_Work to complete:_ Could you report every line from the entries that includes the word "model"?

_Provided information:_
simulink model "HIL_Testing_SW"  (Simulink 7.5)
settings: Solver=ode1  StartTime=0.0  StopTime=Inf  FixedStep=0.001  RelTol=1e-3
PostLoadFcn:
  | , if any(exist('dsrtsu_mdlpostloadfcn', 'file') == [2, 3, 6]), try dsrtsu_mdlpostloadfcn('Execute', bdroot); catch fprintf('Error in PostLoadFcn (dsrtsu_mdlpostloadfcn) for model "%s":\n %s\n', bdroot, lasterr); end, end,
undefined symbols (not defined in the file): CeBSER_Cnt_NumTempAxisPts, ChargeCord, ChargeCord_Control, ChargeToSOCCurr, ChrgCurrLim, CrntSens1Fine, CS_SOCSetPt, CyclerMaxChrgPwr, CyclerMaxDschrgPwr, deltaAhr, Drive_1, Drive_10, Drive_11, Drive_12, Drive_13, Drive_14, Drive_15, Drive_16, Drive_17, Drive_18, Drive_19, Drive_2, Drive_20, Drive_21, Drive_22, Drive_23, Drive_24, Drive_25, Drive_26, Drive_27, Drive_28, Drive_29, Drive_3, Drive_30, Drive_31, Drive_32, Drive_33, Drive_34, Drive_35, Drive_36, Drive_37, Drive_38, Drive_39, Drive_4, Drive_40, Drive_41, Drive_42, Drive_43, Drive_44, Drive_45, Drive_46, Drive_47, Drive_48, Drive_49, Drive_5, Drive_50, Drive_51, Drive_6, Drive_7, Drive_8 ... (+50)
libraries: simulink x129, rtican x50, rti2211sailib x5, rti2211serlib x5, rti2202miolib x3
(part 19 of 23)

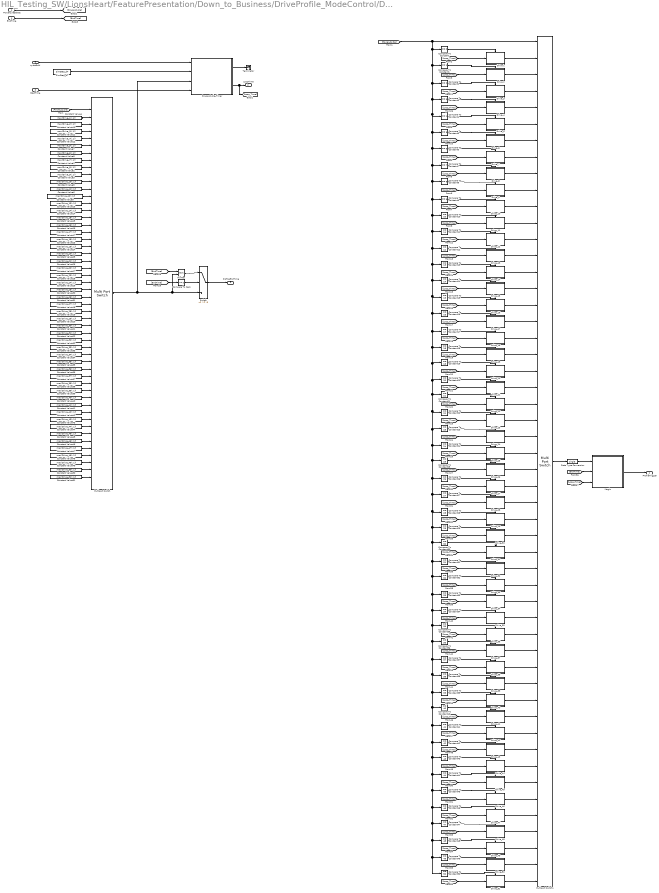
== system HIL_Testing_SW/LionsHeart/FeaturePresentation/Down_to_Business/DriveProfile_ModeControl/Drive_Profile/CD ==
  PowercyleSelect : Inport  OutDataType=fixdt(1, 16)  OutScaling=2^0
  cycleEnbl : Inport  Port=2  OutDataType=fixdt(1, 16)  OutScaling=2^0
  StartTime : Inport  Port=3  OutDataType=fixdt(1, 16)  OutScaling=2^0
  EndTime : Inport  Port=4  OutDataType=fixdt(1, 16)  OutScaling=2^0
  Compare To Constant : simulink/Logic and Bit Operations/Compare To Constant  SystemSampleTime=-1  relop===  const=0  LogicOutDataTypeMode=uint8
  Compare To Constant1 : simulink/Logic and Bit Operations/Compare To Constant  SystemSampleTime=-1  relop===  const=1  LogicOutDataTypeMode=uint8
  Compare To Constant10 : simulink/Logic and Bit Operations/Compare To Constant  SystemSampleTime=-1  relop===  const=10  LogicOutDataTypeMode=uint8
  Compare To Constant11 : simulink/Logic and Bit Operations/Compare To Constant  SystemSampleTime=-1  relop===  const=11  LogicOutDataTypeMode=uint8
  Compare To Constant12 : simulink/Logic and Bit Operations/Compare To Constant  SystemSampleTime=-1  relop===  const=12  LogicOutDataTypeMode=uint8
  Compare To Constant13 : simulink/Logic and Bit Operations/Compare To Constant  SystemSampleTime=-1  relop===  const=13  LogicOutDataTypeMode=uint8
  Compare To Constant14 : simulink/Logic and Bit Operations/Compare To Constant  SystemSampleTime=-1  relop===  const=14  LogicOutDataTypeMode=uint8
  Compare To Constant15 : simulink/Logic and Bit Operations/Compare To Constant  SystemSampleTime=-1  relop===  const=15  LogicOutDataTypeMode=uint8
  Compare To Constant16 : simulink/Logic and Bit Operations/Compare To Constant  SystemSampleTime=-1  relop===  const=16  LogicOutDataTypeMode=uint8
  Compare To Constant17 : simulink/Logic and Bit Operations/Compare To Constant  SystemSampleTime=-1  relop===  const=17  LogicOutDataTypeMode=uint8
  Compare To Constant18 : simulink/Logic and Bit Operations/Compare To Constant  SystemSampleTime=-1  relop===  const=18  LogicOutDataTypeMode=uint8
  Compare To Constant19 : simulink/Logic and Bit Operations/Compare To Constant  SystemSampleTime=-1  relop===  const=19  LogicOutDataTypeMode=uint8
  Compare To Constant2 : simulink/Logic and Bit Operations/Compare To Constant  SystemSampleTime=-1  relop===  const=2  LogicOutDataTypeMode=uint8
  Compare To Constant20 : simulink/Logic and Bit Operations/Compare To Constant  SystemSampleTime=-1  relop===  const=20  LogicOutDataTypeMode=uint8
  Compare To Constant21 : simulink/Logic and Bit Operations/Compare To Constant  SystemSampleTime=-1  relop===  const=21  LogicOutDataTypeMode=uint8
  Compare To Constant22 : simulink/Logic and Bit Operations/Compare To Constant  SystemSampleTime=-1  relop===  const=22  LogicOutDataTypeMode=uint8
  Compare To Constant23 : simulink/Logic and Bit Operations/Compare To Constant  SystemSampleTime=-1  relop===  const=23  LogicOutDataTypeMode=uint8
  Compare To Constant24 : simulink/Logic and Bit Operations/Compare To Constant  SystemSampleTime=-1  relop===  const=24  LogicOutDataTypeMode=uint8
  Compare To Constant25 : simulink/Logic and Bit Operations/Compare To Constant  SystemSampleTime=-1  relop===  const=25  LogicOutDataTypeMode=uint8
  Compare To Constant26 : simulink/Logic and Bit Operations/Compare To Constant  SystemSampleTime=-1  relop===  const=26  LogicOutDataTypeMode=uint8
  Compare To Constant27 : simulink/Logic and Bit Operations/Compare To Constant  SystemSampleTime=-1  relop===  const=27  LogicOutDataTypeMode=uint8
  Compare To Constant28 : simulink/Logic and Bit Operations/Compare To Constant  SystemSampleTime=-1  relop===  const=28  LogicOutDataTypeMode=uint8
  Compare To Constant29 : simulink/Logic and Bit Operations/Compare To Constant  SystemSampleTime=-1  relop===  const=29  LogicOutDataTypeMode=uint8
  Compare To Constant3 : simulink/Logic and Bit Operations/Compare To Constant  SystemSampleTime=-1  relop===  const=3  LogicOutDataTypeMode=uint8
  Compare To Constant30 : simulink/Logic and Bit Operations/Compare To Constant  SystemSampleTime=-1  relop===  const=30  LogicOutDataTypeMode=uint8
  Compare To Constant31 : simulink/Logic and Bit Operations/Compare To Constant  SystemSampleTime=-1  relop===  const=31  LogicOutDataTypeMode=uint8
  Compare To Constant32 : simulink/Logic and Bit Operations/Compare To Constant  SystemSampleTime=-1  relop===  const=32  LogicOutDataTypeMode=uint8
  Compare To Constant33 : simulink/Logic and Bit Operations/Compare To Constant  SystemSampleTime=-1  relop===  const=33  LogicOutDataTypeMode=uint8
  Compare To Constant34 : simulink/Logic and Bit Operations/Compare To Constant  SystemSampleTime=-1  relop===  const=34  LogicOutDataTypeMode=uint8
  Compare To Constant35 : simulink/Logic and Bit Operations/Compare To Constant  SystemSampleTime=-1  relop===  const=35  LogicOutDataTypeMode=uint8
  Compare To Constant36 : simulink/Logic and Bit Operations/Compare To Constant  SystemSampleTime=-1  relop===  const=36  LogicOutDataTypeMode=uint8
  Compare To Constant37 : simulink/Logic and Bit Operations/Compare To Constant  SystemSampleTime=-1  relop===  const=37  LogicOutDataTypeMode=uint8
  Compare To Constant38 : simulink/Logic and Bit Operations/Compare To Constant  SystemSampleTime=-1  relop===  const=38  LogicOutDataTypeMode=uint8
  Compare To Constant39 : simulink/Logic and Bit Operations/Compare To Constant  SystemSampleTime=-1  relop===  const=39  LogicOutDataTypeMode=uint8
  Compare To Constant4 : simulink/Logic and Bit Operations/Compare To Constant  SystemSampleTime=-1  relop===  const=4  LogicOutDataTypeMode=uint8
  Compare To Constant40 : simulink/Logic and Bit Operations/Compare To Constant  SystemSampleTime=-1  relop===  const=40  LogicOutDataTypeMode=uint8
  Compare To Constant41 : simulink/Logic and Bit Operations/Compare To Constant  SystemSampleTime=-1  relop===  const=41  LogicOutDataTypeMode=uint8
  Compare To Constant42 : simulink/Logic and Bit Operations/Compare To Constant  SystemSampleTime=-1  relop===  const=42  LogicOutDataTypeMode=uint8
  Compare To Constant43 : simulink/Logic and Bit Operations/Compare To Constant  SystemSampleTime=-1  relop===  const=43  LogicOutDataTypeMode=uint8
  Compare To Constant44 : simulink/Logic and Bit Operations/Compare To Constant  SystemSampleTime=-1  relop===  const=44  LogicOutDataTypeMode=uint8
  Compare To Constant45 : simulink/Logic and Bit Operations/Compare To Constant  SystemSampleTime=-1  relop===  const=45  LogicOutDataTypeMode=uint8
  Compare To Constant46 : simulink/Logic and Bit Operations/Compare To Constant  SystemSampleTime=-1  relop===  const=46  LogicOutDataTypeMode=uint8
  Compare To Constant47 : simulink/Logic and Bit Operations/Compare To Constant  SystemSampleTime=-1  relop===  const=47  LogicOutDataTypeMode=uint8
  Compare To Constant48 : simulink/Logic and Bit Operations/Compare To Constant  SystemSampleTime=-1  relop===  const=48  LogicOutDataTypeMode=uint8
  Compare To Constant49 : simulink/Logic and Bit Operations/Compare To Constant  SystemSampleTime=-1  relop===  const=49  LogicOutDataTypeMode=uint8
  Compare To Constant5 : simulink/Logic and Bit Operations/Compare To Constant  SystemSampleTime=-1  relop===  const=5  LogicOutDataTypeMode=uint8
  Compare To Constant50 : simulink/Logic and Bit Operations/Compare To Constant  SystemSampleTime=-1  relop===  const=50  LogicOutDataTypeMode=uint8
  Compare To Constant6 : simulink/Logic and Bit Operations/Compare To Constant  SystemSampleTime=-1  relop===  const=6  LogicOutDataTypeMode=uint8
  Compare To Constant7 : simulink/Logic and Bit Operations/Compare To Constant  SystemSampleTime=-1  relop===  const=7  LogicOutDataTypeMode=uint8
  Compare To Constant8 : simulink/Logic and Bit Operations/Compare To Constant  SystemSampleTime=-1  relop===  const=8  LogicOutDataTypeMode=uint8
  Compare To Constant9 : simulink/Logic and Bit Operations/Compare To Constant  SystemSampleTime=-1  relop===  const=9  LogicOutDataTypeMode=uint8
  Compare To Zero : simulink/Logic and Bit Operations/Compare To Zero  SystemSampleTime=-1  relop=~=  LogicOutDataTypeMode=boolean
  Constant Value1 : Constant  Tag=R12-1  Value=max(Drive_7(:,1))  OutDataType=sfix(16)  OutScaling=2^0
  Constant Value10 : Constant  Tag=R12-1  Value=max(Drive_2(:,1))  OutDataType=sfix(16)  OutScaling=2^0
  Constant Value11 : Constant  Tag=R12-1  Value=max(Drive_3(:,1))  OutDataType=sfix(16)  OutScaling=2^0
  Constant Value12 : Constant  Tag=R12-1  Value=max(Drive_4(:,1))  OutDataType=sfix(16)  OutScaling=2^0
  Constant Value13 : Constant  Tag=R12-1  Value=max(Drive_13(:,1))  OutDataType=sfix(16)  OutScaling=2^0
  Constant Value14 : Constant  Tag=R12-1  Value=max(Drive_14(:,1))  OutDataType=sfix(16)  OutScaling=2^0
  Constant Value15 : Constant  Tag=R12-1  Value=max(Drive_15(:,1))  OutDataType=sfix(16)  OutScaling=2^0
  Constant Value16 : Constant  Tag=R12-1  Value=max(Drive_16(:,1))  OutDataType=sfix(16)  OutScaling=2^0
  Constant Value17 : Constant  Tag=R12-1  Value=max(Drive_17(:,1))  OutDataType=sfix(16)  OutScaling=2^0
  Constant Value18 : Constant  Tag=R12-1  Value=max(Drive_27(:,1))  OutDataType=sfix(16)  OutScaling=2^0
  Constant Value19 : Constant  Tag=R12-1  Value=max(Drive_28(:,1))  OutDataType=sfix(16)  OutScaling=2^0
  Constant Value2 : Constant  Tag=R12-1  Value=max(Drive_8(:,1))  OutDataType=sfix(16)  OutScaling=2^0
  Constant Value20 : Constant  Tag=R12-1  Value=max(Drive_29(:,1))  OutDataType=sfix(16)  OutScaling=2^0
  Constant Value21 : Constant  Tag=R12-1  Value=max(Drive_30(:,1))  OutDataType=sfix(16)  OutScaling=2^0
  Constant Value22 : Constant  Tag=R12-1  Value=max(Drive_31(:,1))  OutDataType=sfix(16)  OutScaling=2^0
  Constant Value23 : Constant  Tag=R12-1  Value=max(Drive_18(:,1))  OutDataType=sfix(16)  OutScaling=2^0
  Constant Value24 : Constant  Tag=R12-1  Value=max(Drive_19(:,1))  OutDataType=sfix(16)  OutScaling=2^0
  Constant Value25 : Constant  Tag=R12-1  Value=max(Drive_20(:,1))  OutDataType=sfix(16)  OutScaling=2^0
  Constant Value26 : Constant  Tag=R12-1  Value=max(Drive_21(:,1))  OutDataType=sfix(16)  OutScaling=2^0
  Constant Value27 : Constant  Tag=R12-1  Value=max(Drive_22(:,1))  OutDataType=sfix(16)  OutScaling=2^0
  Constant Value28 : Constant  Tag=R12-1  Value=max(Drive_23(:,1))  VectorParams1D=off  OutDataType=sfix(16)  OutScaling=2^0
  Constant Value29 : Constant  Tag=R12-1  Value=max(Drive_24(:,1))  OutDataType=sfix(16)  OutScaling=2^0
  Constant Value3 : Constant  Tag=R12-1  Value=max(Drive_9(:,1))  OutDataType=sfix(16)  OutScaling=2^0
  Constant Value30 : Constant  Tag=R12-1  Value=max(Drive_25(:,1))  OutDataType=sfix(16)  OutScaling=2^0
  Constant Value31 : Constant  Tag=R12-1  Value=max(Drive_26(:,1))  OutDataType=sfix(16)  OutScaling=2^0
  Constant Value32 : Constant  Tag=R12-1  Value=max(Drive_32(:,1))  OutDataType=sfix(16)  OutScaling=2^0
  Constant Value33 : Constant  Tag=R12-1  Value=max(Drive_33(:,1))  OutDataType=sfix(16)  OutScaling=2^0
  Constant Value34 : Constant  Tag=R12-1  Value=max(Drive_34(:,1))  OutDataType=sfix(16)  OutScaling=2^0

_Solution for this task:_
simulink model "HIL_Testing_SW"  (Simulink 7.5)
  | , if any(exist('dsrtsu_mdlpostloadfcn', 'file') == [2, 3, 6]), try dsrtsu_mdlpostloadfcn('Execute', bdroot); catch fprintf('Error in PostLoadFcn (dsrtsu_mdlpostloadfcn) for model "%s":\n %s\n', bdroot, lasterr); end, end,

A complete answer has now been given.